Coroutines in Java
On the "are there any plans ..." part of the question, the answer is:
Not at this stage
The JEP list (http://openjdk.java.net/jeps/0) does not make any mention of coroutines. The list covers features added in Java 8, added or targeted for Java 9, or proposed for future releases.
Interestingly, there was an RFE submitted in March 2013 (https://bugs.openjdk.java.net/browse/JDK-8029988). The RFE only got one vote, and it was closed 9 months with the suggestion to submit a JEP. Nobody has bothered to take the idea any further, which to me is telling.
Project Loom
Continuations and Coroutines will come to Java in the nearer future and they’ll be called virtual threads (also referred to as fibers). There’s a project called Loom:
Project Loom is intended to explore, incubate and deliver Java VM features and APIs built on top of them for the purpose of supporting easy-to-use, high-throughput lightweight concurrency and new programming models on the Java platform. This is accomplished by the addition of the following constructs:
- Virtual threads
- Delimited continuations
- Tail-call elimination
Further reading: https://cr.openjdk.java.net/~rpressler/loom/Loom-Proposal.html
To quote that document:
It is the goal of this project to add a public delimited continuation (or coroutine) construct to the Java platform. However, this goal is secondary to fibers …

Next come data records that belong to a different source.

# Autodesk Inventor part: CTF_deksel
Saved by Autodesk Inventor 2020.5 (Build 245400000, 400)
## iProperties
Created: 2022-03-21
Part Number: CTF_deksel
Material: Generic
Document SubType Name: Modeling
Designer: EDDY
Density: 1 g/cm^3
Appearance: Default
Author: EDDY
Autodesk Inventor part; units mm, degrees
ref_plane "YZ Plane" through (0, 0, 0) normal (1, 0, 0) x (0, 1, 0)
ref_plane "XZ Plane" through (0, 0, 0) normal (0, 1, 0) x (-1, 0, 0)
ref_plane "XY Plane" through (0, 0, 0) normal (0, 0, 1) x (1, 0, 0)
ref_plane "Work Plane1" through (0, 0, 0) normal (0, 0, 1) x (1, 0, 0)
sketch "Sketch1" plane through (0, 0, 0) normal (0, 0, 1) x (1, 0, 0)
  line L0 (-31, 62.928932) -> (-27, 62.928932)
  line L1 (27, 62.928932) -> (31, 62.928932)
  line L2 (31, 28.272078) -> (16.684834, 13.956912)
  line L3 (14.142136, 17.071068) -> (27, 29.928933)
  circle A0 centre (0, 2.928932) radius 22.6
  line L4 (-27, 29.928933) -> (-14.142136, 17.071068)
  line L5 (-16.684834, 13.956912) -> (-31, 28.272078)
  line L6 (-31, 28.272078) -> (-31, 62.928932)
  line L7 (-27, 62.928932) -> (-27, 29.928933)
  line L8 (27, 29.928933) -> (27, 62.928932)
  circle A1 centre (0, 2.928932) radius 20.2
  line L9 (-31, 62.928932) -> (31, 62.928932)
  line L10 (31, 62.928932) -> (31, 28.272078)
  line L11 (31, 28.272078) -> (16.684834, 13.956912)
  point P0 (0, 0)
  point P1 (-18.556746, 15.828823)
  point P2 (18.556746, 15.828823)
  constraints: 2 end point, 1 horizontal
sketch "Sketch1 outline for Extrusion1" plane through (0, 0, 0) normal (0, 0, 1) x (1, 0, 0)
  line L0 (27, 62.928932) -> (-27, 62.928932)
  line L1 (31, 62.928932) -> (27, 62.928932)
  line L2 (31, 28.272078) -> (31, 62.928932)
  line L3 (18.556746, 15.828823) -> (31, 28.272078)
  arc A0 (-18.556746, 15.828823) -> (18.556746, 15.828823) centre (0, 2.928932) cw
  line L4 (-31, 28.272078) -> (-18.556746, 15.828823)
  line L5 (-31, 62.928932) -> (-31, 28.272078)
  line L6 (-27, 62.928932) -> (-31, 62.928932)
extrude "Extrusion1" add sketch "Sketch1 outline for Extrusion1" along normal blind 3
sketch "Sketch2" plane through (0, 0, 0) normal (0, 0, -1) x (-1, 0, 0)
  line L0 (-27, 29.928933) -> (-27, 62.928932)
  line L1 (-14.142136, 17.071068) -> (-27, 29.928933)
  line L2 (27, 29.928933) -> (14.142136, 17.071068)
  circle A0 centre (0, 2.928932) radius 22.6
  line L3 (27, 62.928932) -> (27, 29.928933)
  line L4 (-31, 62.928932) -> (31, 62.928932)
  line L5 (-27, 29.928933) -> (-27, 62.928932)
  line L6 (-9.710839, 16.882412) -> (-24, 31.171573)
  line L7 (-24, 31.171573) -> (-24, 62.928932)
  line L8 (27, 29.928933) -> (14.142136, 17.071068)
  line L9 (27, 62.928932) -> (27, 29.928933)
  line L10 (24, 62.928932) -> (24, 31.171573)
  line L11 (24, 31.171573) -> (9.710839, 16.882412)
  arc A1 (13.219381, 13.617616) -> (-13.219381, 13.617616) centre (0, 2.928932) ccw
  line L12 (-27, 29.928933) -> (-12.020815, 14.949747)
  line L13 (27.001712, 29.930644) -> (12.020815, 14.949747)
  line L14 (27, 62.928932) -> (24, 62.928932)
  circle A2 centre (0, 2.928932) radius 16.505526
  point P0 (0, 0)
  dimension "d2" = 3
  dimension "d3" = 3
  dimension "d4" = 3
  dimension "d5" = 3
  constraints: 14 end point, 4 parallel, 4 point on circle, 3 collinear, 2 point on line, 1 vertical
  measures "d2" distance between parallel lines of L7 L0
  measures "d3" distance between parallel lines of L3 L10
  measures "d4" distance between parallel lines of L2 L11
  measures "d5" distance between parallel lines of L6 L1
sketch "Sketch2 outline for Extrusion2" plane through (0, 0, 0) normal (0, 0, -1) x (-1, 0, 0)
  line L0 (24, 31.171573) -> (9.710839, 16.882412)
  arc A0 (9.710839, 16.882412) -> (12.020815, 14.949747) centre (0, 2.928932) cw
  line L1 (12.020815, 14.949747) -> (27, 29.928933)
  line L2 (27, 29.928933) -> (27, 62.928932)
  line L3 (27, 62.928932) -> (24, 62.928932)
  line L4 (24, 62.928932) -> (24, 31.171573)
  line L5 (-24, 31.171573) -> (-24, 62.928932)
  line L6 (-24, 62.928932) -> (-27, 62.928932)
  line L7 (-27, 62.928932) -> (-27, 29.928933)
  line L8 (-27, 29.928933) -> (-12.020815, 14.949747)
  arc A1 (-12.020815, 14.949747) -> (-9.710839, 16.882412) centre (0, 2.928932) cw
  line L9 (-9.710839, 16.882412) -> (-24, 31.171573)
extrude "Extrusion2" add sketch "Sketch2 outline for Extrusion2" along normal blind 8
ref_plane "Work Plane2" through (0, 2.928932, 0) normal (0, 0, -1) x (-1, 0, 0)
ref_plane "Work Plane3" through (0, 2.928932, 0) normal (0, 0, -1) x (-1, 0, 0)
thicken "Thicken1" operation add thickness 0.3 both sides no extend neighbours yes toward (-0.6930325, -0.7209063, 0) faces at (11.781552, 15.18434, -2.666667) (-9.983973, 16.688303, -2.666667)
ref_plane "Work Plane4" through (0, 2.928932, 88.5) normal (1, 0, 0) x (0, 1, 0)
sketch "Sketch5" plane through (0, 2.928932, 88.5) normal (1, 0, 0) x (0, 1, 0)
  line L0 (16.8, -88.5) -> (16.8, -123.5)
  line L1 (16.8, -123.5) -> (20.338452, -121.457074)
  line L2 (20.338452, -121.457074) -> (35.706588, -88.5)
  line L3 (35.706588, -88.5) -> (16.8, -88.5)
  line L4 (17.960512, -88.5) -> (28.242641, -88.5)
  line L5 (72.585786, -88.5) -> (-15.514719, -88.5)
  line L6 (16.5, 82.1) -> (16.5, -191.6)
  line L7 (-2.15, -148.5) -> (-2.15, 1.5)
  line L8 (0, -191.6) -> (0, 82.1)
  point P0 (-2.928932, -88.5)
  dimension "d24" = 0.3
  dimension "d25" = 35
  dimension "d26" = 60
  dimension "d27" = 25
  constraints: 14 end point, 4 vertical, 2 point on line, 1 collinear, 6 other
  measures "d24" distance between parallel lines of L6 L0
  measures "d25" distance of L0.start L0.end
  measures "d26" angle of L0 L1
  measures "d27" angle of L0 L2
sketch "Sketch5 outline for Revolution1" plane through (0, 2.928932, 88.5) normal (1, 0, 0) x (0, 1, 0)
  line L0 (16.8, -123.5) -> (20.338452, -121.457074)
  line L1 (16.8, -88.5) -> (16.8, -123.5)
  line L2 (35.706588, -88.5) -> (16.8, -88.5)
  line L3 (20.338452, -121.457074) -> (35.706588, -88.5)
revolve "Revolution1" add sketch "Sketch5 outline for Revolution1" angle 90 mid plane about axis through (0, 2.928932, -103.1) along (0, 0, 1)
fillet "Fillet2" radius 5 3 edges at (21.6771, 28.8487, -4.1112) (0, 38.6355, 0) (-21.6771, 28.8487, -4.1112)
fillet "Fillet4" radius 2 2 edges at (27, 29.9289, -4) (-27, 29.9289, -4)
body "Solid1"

Preliminary builds of Project Loom are available now, based on early-access Java 16.
Actually the concept of a co-routine was the first design of the Java threading system. The wait
/notify
mechanism is a simplistic form of co-routine where notify
is equivalent to yield
etc.
Since then much has been done, particularly to make structures thread-safe rather than algorithms. This derives from the realization that it is not the code that must synchronize/yield but the data structure used to communicate between the threads that must be thread-safe.